This week, big data experts and developers from around the world have been descending on San Jose, California, for the 2014 Hadoop Summit, which is taking place between June 3rd and 5th.
The event is bigger than ever this year, and several commentators have noted this highlights just how much this big data analytics technology has grown over the past year or so, driven by key new innovations in the latest version of the software.
More than 3,000 people are expected to attend the conference, while there are more than 80 organizations sponsoring the event. It was noted in the Wall Street Journal by Thomas Davenport, director of research at the International Institute for Analytics and a senior advisor to Deloitte Analytics, that one of the key trends at this year’s event is that the gathering is no longer just for technical staff.
He noted that the 2014 Summit has seen companies including Verizon, American Express, Bank of America and Comcast attending. Mr Davenport said: “These are big, established organizations that found the way to San Jose to learn more about Hadoop. Their presence here among the 3,200 attendees suggests that Hadoop is rapidly becoming an enterprise data processing and management tool.”
One key reason why large enterprises are becoming interested in Hadoop is because of the great cost savings it can offer them. Mr Davenport said he attended a presentation by vehicle car price tracking website TrueCar, which stated that prior to adopting Hadoop, it was spending $19 a month per gigabyte of data stored – including hardware, software and support resources. However, since moving to Hadoop, these data warehousing expenses have dropped to $0.23 per month for each gigabyte.
As the volume of data many companies are dealing with is increasing rapidly, the need for fast, cost-effective storage and data analytics solutions such as Hadoop will grow more acute for many firms.
Vice-president of marketing at Hadoop firm Hortonworks Dave McJannet also told InformationWeek that the pace of Hadoop usage is increasing rapidly, driven by the emergence of a common data architecture solution that has Hadoop at its core.
A key factor in the booming interest in Hadoop was the release of the YARN system last year, he added.
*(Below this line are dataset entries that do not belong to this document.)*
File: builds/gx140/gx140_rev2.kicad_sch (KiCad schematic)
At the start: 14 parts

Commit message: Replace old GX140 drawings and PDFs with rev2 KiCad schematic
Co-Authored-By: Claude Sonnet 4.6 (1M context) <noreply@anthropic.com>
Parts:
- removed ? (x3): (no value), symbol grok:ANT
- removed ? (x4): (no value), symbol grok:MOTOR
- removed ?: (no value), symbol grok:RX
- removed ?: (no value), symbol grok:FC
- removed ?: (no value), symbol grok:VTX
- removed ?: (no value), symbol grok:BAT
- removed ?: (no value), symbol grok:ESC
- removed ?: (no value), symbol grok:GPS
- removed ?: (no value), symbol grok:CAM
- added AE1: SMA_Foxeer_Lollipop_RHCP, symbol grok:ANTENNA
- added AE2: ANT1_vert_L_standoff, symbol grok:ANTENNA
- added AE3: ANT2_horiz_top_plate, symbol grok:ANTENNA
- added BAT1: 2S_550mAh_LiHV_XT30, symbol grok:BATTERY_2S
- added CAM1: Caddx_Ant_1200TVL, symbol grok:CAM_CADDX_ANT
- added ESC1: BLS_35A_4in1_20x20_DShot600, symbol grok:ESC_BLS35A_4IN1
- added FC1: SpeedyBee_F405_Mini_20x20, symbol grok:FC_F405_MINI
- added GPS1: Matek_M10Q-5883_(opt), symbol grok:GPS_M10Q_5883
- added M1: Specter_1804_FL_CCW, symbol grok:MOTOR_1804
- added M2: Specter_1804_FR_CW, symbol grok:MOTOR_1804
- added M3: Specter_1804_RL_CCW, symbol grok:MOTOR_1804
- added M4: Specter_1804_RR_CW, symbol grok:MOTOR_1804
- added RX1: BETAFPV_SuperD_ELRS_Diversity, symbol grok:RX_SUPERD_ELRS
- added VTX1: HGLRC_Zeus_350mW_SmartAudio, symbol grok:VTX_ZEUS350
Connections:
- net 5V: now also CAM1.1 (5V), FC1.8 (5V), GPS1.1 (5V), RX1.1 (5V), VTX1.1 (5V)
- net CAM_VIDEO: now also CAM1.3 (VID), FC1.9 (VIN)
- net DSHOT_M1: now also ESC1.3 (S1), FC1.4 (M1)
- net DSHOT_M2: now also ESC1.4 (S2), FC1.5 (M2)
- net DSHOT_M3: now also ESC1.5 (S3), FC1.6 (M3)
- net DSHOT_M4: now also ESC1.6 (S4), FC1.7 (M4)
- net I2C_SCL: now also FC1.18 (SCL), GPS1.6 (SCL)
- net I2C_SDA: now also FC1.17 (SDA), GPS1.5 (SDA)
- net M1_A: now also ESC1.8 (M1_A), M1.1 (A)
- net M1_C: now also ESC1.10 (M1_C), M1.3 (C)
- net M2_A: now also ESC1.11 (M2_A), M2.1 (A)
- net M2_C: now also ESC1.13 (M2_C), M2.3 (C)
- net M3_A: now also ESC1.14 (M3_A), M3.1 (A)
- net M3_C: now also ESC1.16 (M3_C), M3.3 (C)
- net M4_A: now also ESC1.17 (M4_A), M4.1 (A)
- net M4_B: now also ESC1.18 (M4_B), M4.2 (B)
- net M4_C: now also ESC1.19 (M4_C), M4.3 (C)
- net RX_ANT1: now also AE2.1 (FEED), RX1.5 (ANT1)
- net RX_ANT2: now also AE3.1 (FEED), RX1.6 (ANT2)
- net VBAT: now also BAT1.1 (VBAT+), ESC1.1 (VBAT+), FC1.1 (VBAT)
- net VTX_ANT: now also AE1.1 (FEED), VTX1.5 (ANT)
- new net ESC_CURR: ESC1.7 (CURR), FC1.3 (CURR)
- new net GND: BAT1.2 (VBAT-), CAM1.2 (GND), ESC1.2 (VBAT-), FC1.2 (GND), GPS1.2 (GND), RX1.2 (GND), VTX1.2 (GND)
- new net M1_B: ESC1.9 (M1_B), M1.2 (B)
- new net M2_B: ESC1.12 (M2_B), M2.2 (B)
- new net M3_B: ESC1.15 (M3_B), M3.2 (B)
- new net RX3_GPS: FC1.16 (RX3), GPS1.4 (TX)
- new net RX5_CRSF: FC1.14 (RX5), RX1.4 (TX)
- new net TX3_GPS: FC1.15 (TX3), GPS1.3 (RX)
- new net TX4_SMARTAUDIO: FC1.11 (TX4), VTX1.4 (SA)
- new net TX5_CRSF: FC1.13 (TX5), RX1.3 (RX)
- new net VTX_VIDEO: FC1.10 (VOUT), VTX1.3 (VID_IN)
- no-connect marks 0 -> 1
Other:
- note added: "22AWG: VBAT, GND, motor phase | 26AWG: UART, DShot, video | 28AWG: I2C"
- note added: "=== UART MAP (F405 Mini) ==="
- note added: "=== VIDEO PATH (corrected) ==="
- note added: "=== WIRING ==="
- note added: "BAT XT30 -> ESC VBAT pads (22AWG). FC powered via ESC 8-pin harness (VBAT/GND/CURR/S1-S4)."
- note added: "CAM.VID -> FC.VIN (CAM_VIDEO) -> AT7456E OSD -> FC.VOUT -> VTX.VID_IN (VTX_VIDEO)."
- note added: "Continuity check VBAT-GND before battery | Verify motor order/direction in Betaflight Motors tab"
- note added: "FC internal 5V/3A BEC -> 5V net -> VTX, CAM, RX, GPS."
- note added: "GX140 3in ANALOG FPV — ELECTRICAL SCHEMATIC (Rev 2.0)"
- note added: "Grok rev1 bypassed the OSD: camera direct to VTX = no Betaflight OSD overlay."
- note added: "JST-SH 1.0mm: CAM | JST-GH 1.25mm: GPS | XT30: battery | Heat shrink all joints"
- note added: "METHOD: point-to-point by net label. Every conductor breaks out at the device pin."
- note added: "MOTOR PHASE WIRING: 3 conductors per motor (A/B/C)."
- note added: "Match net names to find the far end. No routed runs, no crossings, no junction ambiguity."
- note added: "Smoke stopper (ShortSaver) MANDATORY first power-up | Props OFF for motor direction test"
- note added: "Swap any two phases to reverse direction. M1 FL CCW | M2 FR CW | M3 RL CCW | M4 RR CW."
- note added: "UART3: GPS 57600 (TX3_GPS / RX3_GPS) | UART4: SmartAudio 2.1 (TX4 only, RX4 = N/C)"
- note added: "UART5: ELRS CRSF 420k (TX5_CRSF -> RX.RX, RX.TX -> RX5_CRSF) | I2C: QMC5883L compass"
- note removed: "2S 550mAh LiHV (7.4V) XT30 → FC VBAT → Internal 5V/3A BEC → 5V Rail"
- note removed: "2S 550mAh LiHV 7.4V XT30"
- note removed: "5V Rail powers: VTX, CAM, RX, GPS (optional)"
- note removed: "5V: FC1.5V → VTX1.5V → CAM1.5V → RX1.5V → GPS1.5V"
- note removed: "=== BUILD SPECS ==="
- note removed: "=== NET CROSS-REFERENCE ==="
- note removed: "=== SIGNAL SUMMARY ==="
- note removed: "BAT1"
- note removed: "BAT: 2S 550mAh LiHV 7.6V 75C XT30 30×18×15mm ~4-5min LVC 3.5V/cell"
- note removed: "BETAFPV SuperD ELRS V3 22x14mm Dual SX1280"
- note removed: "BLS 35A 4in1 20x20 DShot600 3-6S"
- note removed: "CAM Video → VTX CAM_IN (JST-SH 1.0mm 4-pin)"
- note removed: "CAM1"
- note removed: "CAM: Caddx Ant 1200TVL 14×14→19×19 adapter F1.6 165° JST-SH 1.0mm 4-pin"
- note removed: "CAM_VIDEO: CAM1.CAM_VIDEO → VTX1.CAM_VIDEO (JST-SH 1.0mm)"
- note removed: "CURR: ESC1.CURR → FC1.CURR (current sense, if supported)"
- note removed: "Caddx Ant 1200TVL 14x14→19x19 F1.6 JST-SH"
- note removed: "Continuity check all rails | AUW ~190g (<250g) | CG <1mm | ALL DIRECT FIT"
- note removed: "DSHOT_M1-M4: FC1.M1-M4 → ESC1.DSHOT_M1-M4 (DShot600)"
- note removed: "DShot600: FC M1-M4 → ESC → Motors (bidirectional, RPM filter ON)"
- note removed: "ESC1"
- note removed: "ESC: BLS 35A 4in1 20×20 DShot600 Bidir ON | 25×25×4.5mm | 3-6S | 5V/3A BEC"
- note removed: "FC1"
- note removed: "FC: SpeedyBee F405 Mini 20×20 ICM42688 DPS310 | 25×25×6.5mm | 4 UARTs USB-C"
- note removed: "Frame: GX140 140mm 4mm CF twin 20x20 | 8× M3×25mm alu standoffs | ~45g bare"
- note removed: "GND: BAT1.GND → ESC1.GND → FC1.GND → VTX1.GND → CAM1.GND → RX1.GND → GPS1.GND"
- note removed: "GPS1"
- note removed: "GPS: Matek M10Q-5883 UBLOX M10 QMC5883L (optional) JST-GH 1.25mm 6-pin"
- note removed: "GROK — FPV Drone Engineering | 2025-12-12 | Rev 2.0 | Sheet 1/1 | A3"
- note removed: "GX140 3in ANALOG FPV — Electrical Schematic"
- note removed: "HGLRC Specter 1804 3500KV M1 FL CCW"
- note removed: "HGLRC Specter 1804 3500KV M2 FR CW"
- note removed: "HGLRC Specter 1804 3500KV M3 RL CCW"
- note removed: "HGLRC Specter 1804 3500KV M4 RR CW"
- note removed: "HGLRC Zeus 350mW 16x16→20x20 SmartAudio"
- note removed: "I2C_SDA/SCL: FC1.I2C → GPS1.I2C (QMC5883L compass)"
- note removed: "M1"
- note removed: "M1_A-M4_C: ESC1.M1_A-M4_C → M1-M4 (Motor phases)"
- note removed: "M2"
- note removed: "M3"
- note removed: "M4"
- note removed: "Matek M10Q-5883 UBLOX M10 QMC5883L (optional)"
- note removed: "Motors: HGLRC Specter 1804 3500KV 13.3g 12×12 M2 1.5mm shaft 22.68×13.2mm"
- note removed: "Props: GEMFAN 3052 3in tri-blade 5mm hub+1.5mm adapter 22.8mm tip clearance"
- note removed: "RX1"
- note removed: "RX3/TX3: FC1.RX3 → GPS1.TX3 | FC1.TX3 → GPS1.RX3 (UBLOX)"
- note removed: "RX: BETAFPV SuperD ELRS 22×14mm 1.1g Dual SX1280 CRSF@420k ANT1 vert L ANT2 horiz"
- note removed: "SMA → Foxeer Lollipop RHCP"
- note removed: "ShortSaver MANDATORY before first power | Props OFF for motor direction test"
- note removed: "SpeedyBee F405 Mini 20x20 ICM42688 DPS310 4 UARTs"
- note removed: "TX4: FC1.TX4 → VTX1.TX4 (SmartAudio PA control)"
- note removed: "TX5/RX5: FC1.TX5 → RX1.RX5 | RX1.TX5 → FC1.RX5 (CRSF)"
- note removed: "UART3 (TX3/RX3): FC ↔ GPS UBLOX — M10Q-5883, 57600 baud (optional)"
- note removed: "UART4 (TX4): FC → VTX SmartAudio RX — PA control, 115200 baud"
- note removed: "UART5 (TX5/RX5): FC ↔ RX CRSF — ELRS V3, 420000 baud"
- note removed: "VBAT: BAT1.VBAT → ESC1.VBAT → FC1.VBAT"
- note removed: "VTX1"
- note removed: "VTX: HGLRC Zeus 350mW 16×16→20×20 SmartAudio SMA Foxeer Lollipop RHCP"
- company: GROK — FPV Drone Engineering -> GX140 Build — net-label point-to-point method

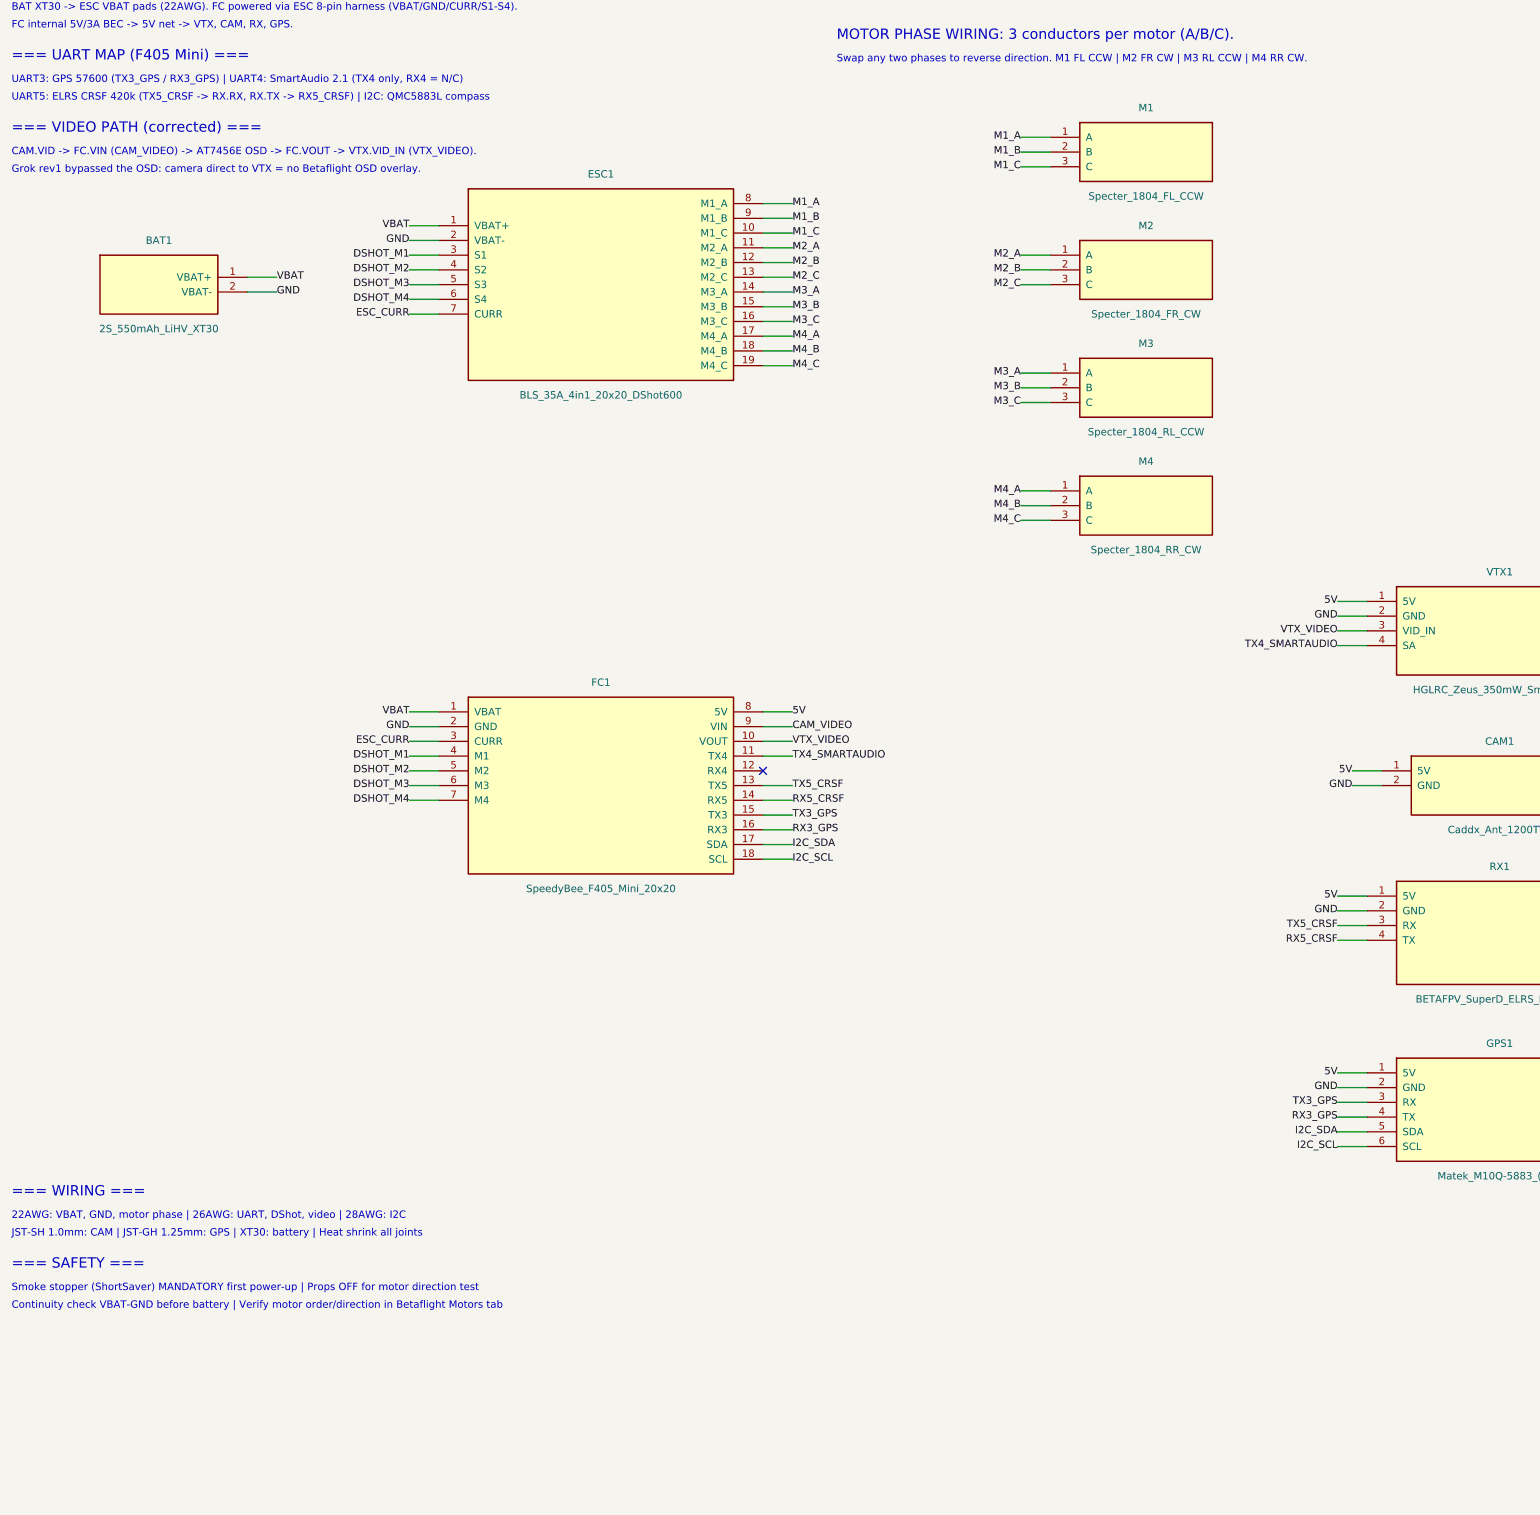
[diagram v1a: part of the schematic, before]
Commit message: Add engineering package text annotations to KiCad schematic
Full wire schedule, reverse wire tagging method, stack assembly
layers, torque specs, mounting notes, antenna layout, battery
info, and Betaflight config — all in-schematic annotations.

Co-Authored-By: Claude Sonnet 4.6 (1M context) <noreply@anthropic.com>
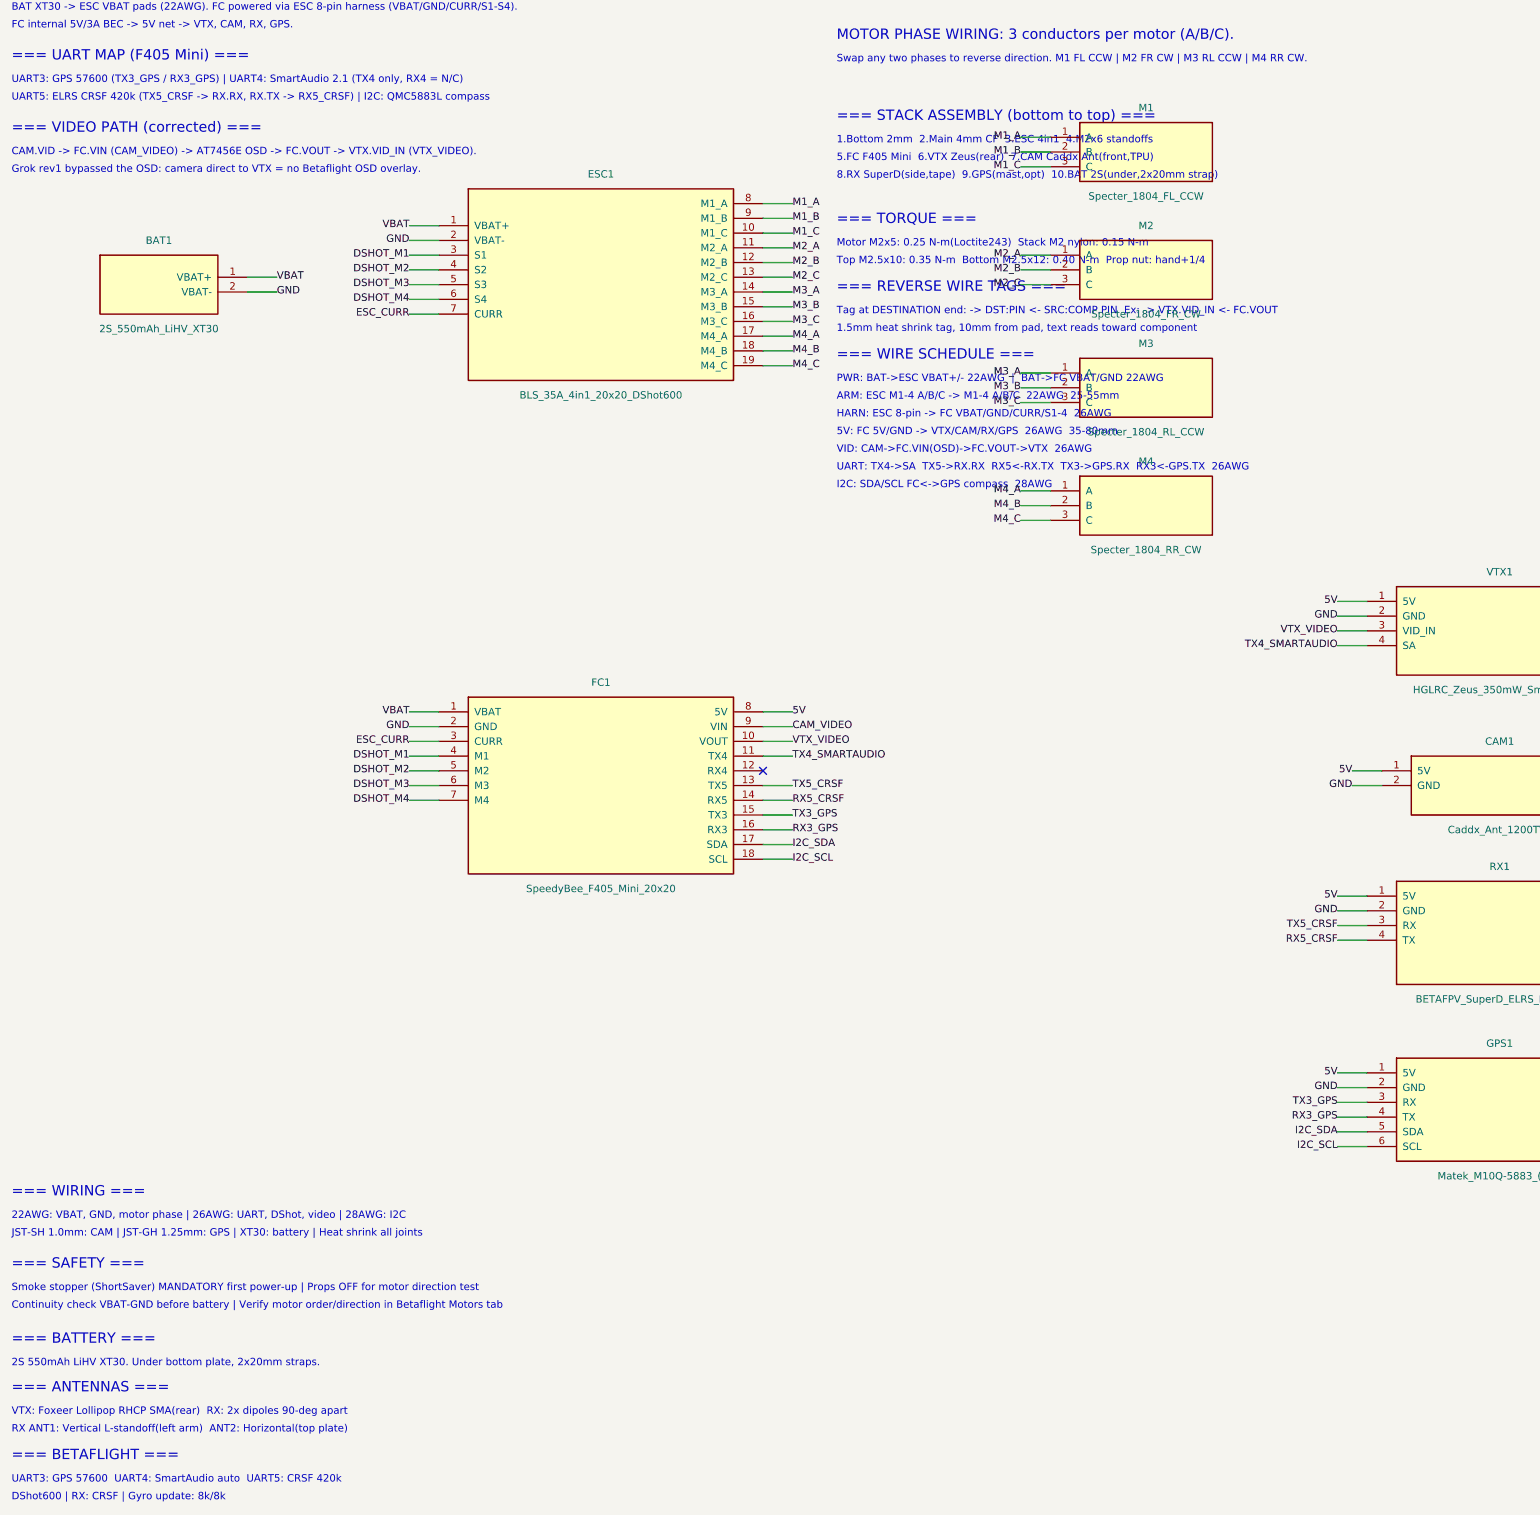
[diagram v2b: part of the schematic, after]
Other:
- note added: "1.5mm heat shrink tag, 10mm from pad, text reads toward component"
- note added: "1.Bottom 2mm 2.Main 4mm CF 3.ESC 4in1 4.M2x6 standoffs"
- note added: "2S 550mAh LiHV XT30. Under bottom plate, 2x20mm straps."
- note added: "5.FC F405 Mini 6.VTX Zeus(rear) 7.CAM Caddx Ant(front,TPU)"
- note added: "5V: FC 5V/GND -> VTX/CAM/RX/GPS 26AWG 35-80mm"
- note added: "8.RX SuperD(side,tape) 9.GPS(mast,opt) 10.BAT 2S(under,2x20mm strap)"
- note added: "=== ANTENNAS ==="
- note added: "=== BATTERY ==="
- note added: "=== BETAFLIGHT ==="
- note added: "=== REVERSE WIRE TAGS ==="
- note added: "=== STACK ASSEMBLY (bottom to top) ==="
- note added: "=== TORQUE ==="
- note added: "=== WIRE SCHEDULE ==="
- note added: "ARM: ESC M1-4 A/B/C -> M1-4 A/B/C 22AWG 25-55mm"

This enables more dynamic resource management within clusters beyond batch-oriented MapReduce jobs, so that organizations can run multiple applications in the same cluster.
“YARN, more than anything, [moved] these single-application clusters, which they may have been running in the [Hadoop 1.0] world, to these multi-application clusters where all of sudden they’ll have five, six, seven, eight,” Mr McJannet said. He added this has led many more end-users to start engaging with Hadoop, which has in turn led to more large IT vendors focusing their attentions on the solution.
Mr Davenport added that one of the common themes he is encountering at the Hadoop Summit is talk of integration of Hadoop with existing enterprise software – with SQL tools of particular interest. This will help make it easier for non-technical analysts who may not understand the complexity of Hadoop to query datasets – something that will become important as the technology expands out from the IT department and enters business units.